Die SPD-Fraktion wollte daher in der vergangenen Stadtverordnetensitzung ein Ergebnis in einem Satz feststellen lassen, dass die Vorwürfe gegen Bürgermeister Weiher aus den Akten nicht bestätigt werden konnten: "Die Aussprache darüber hatte nach Vorgabe der Juristen des Hessischen Städte- und Gemeindebundes in nichtöffentlicher Sitzung zu erfolgen. Warum die Festlegung des Ergebnisses in einem Satz eine ‚sinnentstellende Verkürzung‘ sein sollte, wie Wächter, CDU, Grüne und Linke nun behaupten, können wir nicht nachvollziehen“, so Akteneinsichtsausschussmitglied Simon Lach. „Es entspricht exakt dem, was diese Parteien und ihre Vertreter verklausuliert im Abschlussbericht festgehalten haben.“ Da die Mehrheit von Freien Wächtern, CDU, Grünen und Linken allerdings signalisiert hätten, dass sie dem SPD-Antrag nicht zustimmen wird und stattdessen weitere Monate mit Rechtsauskünften zum Abschlussbericht verschwenden und damit zusätzliche Kosten für den Steuerzahler verursachen wollte, habe die SPD ihren Antrag zurückgezogen.

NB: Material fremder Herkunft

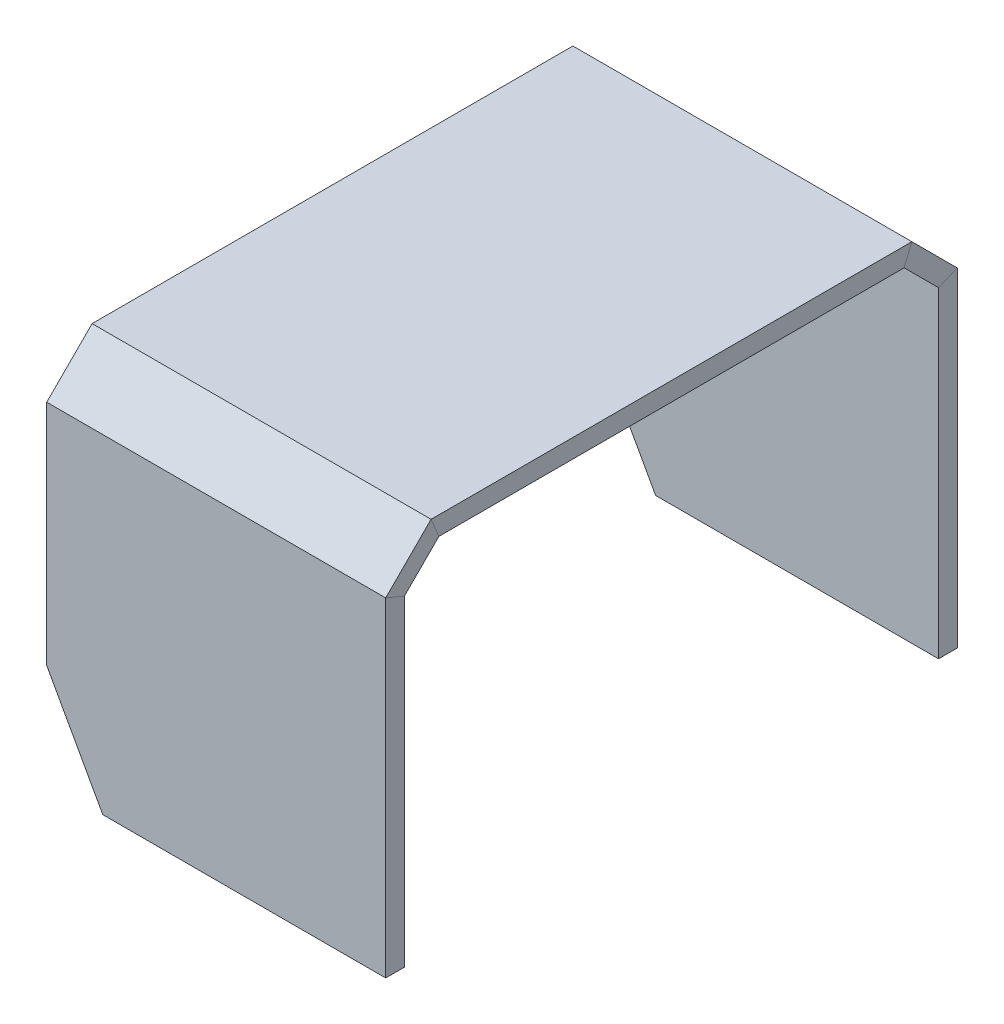
ISO-10303-21;
HEADER;
FILE_DESCRIPTION(('STEP AP214'),'2;1');
FILE_NAME('part.step','',(''),(''),'','','');
FILE_SCHEMA(('AUTOMOTIVE_DESIGN { 1 0 10303 214 1 1 1 1 }'));
ENDSEC;
DATA;
#1=APPLICATION_CONTEXT('core data for automotive mechanical design processes');
#2=APPLICATION_PROTOCOL_DEFINITION('international standard','automotive_design',2000,#1);
#3=PRODUCT_CONTEXT('',#1,'mechanical');
#4=PRODUCT('Part','Part','',(#3));
#5=PRODUCT_RELATED_PRODUCT_CATEGORY('part','',(#4));
#6=PRODUCT_DEFINITION_FORMATION('','',#4);
#7=PRODUCT_DEFINITION_CONTEXT('part definition',#1,'design');
#8=PRODUCT_DEFINITION('design','',#6,#7);
#9=PRODUCT_DEFINITION_SHAPE('','',#8);
#10=(LENGTH_UNIT() NAMED_UNIT(*) SI_UNIT(.MILLI.,.METRE.));
#11=(NAMED_UNIT(*) PLANE_ANGLE_UNIT() SI_UNIT($,.RADIAN.));
#12=(NAMED_UNIT(*) SI_UNIT($,.STERADIAN.) SOLID_ANGLE_UNIT());
#13=UNCERTAINTY_MEASURE_WITH_UNIT(LENGTH_MEASURE(1.E-05),#10,'distance_accuracy_value','');
#14=(GEOMETRIC_REPRESENTATION_CONTEXT(3) GLOBAL_UNCERTAINTY_ASSIGNED_CONTEXT((#13)) GLOBAL_UNIT_ASSIGNED_CONTEXT((#10,
#11,#12)) REPRESENTATION_CONTEXT('',''));
#15=CARTESIAN_POINT('',(0.,0.,0.));
#16=DIRECTION('',(0.,0.,1.));
#17=DIRECTION('',(1.,0.,0.));
#18=AXIS2_PLACEMENT_3D('',#15,#16,#17);
#19=CARTESIAN_POINT('',(0.,0.,0.));
#20=DIRECTION('',(0.,1.,0.));
#21=DIRECTION('',(0.,0.,1.));
#22=AXIS2_PLACEMENT_3D('',#19,#20,#21);
#23=PLANE('',#22);
#24=DIRECTION('',(1.,0.,0.));
#25=VECTOR('',#24,1.);
#26=CARTESIAN_POINT('',(-50.,0.,76.3));
#27=LINE('',#26,#25);
#28=CARTESIAN_POINT('',(-52.0299999999999,0.,76.3));
#29=VERTEX_POINT('',#28);
#30=CARTESIAN_POINT('',(23.5,0.,76.3));
#31=VERTEX_POINT('',#30);
#32=EDGE_CURVE('E148',#29,#31,#27,.T.);
#33=ORIENTED_EDGE('',*,*,#32,.F.);
#34=DIRECTION('',(0.,0.,-1.));
#35=VECTOR('',#34,1.);
#36=CARTESIAN_POINT('',(-52.0299999999999,0.,76.3));
#37=LINE('',#36,#35);
#38=CARTESIAN_POINT('',(-52.0299999999999,0.,71.3));
#39=VERTEX_POINT('',#38);
#40=EDGE_CURVE('E134',#29,#39,#37,.T.);
#41=ORIENTED_EDGE('',*,*,#40,.T.);
#42=DIRECTION('',(-1.,0.,0.));
#43=VECTOR('',#42,1.);
#44=CARTESIAN_POINT('',(-50.,0.,71.3));
#45=LINE('',#44,#43);
#46=CARTESIAN_POINT('',(23.5,0.,71.3));
#47=VERTEX_POINT('',#46);
#48=EDGE_CURVE('E162',#47,#39,#45,.T.);
#49=ORIENTED_EDGE('',*,*,#48,.F.);
#50=DIRECTION('',(0.,0.,-1.));
#51=VECTOR('',#50,1.);
#52=CARTESIAN_POINT('',(23.5,0.,71.3));
#53=LINE('',#52,#51);
#54=EDGE_CURVE('E155',#31,#47,#53,.T.);
#55=ORIENTED_EDGE('',*,*,#54,.F.);
#56=EDGE_LOOP('',(#33,#41,#49,#55));
#57=FACE_BOUND('',#56,.T.);
#58=ADVANCED_FACE('F37',(#57),#23,.F.);
#59=CARTESIAN_POINT('',(0.,0.,0.));
#60=DIRECTION('',(0.,-1.,0.));
#61=DIRECTION('',(0.,0.,-1.));
#62=AXIS2_PLACEMENT_3D('',#59,#60,#61);
#63=PLANE('',#62);
#64=CARTESIAN_POINT('',(-52.0299999999999,0.,-71.3));
#65=VERTEX_POINT('',#64);
#66=CARTESIAN_POINT('',(-52.0299999999999,0.,-76.3));
#67=VERTEX_POINT('',#66);
#68=EDGE_CURVE('E142',#65,#67,#37,.T.);
#69=ORIENTED_EDGE('',*,*,#68,.T.);
#70=DIRECTION('',(1.,0.,0.));
#71=VECTOR('',#70,1.);
#72=CARTESIAN_POINT('',(-50.,0.,-76.3));
#73=LINE('',#72,#71);
#74=CARTESIAN_POINT('',(23.5,0.,-76.3));
#75=VERTEX_POINT('',#74);
#76=EDGE_CURVE('E201',#67,#75,#73,.T.);
#77=ORIENTED_EDGE('',*,*,#76,.T.);
#78=DIRECTION('',(0.,0.,1.));
#79=VECTOR('',#78,1.);
#80=CARTESIAN_POINT('',(23.5,0.,-71.3));
#81=LINE('',#80,#79);
#82=CARTESIAN_POINT('',(23.5,0.,-71.3));
#83=VERTEX_POINT('',#82);
#84=EDGE_CURVE('E203',#75,#83,#81,.T.);
#85=ORIENTED_EDGE('',*,*,#84,.T.);
#86=DIRECTION('',(-1.,0.,0.));
#87=VECTOR('',#86,1.);
#88=CARTESIAN_POINT('',(-50.,0.,-71.3));
#89=LINE('',#88,#87);
#90=EDGE_CURVE('E208',#83,#65,#89,.T.);
#91=ORIENTED_EDGE('',*,*,#90,.T.);
#92=EDGE_LOOP('',(#69,#77,#85,#91));
#93=FACE_BOUND('',#92,.T.);
#94=ADVANCED_FACE('F305',(#93),#63,.T.);
#95=CARTESIAN_POINT('',(-50.,88.089087296526,76.3));
#96=DIRECTION('',(0.,0.,-1.));
#97=DIRECTION('',(-1.,0.,0.));
#98=AXIS2_PLACEMENT_3D('',#95,#96,#97);
#99=PLANE('',#98);
#100=DIRECTION('',(0.,1.,0.));
#101=VECTOR('',#100,1.);
#102=CARTESIAN_POINT('',(-67.0000000000001,0.,76.3));
#103=LINE('',#102,#101);
#104=CARTESIAN_POINT('',(-67.0000000000001,27.,76.3));
#105=VERTEX_POINT('',#104);
#106=CARTESIAN_POINT('',(-67.0000000000001,87.8855339059328,76.3));
#107=VERTEX_POINT('',#106);
#108=EDGE_CURVE('E151',#105,#107,#103,.T.);
#109=ORIENTED_EDGE('',*,*,#108,.F.);
#110=DIRECTION('',(0.484900196960247,-0.874569493515475,0.));
#111=VECTOR('',#110,1.);
#112=CARTESIAN_POINT('',(-52.0299999999999,0.,76.3));
#113=LINE('',#112,#111);
#114=EDGE_CURVE('E51',#105,#29,#113,.T.);
#115=ORIENTED_EDGE('',*,*,#114,.T.);
#116=ORIENTED_EDGE('',*,*,#32,.T.);
#117=DIRECTION('',(0.,-1.,0.));
#118=VECTOR('',#117,1.);
#119=CARTESIAN_POINT('',(23.5,88.089087296526,76.3));
#120=LINE('',#119,#118);
#121=CARTESIAN_POINT('',(23.5,87.8855339059328,76.3));
#122=VERTEX_POINT('',#121);
#123=EDGE_CURVE('E160',#122,#31,#120,.T.);
#124=ORIENTED_EDGE('',*,*,#123,.F.);
#125=DIRECTION('',(-1.,0.,0.));
#126=VECTOR('',#125,1.);
#127=CARTESIAN_POINT('',(-50.,87.8855339059328,76.3));
#128=LINE('',#127,#126);
#129=EDGE_CURVE('E239',#122,#107,#128,.T.);
#130=ORIENTED_EDGE('',*,*,#129,.T.);
#131=EDGE_LOOP('',(#109,#115,#116,#124,#130));
#132=FACE_BOUND('',#131,.T.);
#133=ADVANCED_FACE('F146',(#132),#99,.F.);
#134=CARTESIAN_POINT('',(23.5,88.089087296526,71.3));
#135=DIRECTION('',(-1.,0.,0.));
#136=DIRECTION('',(0.,0.,1.));
#137=AXIS2_PLACEMENT_3D('',#134,#135,#136);
#138=PLANE('',#137);
#139=DIRECTION('',(0.,0.38268343236509,0.923879532511287));
#140=VECTOR('',#139,1.);
#141=CARTESIAN_POINT('',(23.5,83.5789691705449,65.903033008589));
#142=LINE('',#141,#140);
#143=CARTESIAN_POINT('',(23.5,85.8144660940673,71.3));
#144=VERTEX_POINT('',#143);
#145=EDGE_CURVE('E242',#144,#122,#142,.T.);
#146=ORIENTED_EDGE('',*,*,#145,.T.);
#147=ORIENTED_EDGE('',*,*,#123,.T.);
#148=ORIENTED_EDGE('',*,*,#54,.T.);
#149=DIRECTION('',(0.,-1.,0.));
#150=VECTOR('',#149,1.);
#151=CARTESIAN_POINT('',(23.5,88.089087296526,71.3));
#152=LINE('',#151,#150);
#153=EDGE_CURVE('E157',#144,#47,#152,.T.);
#154=ORIENTED_EDGE('',*,*,#153,.F.);
#155=EDGE_LOOP('',(#146,#147,#148,#154));
#156=FACE_BOUND('',#155,.T.);
#157=ADVANCED_FACE('F297',(#156),#138,.F.);
#158=CARTESIAN_POINT('',(-50.,88.089087296526,71.3));
#159=DIRECTION('',(0.,0.,1.));
#160=DIRECTION('',(1.,0.,0.));
#161=AXIS2_PLACEMENT_3D('',#158,#159,#160);
#162=PLANE('',#161);
#163=ORIENTED_EDGE('',*,*,#48,.T.);
#164=DIRECTION('',(-0.484900196960247,0.874569493515475,0.));
#165=VECTOR('',#164,1.);
#166=CARTESIAN_POINT('',(-88.9094147265864,66.5159784647853,71.3));
#167=LINE('',#166,#165);
#168=CARTESIAN_POINT('',(-66.9999999999999,27.,71.3));
#169=VERTEX_POINT('',#168);
#170=EDGE_CURVE('E137',#39,#169,#167,.T.);
#171=ORIENTED_EDGE('',*,*,#170,.T.);
#172=DIRECTION('',(0.,-1.,0.));
#173=VECTOR('',#172,1.);
#174=CARTESIAN_POINT('',(-67.0000000000001,85.8144660940673,71.3));
#175=LINE('',#174,#173);
#176=CARTESIAN_POINT('',(-67.0000000000001,85.8144660940673,71.3));
#177=VERTEX_POINT('',#176);
#178=EDGE_CURVE('E248',#177,#169,#175,.T.);
#179=ORIENTED_EDGE('',*,*,#178,.F.);
#180=DIRECTION('',(1.,0.,0.));
#181=VECTOR('',#180,1.);
#182=CARTESIAN_POINT('',(-50.,85.8144660940673,71.3));
#183=LINE('',#182,#181);
#184=EDGE_CURVE('E175',#177,#144,#183,.T.);
#185=ORIENTED_EDGE('',*,*,#184,.T.);
#186=ORIENTED_EDGE('',*,*,#153,.T.);
#187=EDGE_LOOP('',(#163,#171,#179,#185,#186));
#188=FACE_BOUND('',#187,.T.);
#189=ADVANCED_FACE('F246',(#188),#162,.F.);
#190=CARTESIAN_POINT('',(-50.,96.6084000768893,60.506066017178));
#191=DIRECTION('',(0.,0.707106781186547,0.707106781186547));
#192=DIRECTION('',(0.,-0.707106781186548,0.707106781186548));
#193=AXIS2_PLACEMENT_3D('',#190,#191,#192);
#194=PLANE('',#193);
#195=ORIENTED_EDGE('',*,*,#184,.F.);
#196=DIRECTION('',(0.,-0.707106781186548,0.707106781186547));
#197=VECTOR('',#196,1.);
#198=CARTESIAN_POINT('',(-67.0000000000001,95.,62.1144660940673));
#199=LINE('',#198,#197);
#200=CARTESIAN_POINT('',(-67.0000000000001,95.,62.1144660940673));
#201=VERTEX_POINT('',#200);
#202=EDGE_CURVE('E252',#201,#177,#199,.T.);
#203=ORIENTED_EDGE('',*,*,#202,.F.);
#204=DIRECTION('',(1.,0.,0.));
#205=VECTOR('',#204,1.);
#206=CARTESIAN_POINT('',(-50.,95.,62.1144660940673));
#207=LINE('',#206,#205);
#208=CARTESIAN_POINT('',(23.5,95.,62.1144660940673));
#209=VERTEX_POINT('',#208);
#210=EDGE_CURVE('E233',#201,#209,#207,.T.);
#211=ORIENTED_EDGE('',*,*,#210,.T.);
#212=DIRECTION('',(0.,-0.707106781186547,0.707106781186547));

„Diese Politposse dauert schon zu lange und hat die Wächtersbacher Bürger bereits jetzt circa 10.000 Euro gekostet. Irgendwann ist es auch mal gut“, so Fraktionsvorsitzender Harald Krügel. „Es ist schade, dass man den Ausschuss nicht paritätisch mit acht Personen besetzt hat, so wie die SPD es zunächst vorgeschlagen hatte. Dann hätte es am Ende ein gemeinsames Ergebnis geben müssen, dass die Aktenlage widerspiegelt.“ Dass hier nicht nur der Ruf eines Amtsträgers, sondern auch der Stadt und einer Privatperson sowie das Vertrauen in die Politik gravierend beschädigt wurden, ist das beschämende Ergebnis des ersten Wächtersbacher Akteneinsichtsausschusses. „Es ist traurig, dass die Initiatoren des Ausschusses nicht zugeben können, dass sie keine Belege für ihre Vorwürfe gefunden haben“, so der SPD-Vorsitzende Jan Frederik Beyer. „Aber die Öffentlichkeit hat ein Recht darauf, dies zu erfahren.“ Deshalb begrüßt die SPD, dass Bürgermeister Andreas Weiher angekündigt hat, die Vorwürfe auf eigene Initiative hin von der Kommunalaufsicht überprüfen zu lassen.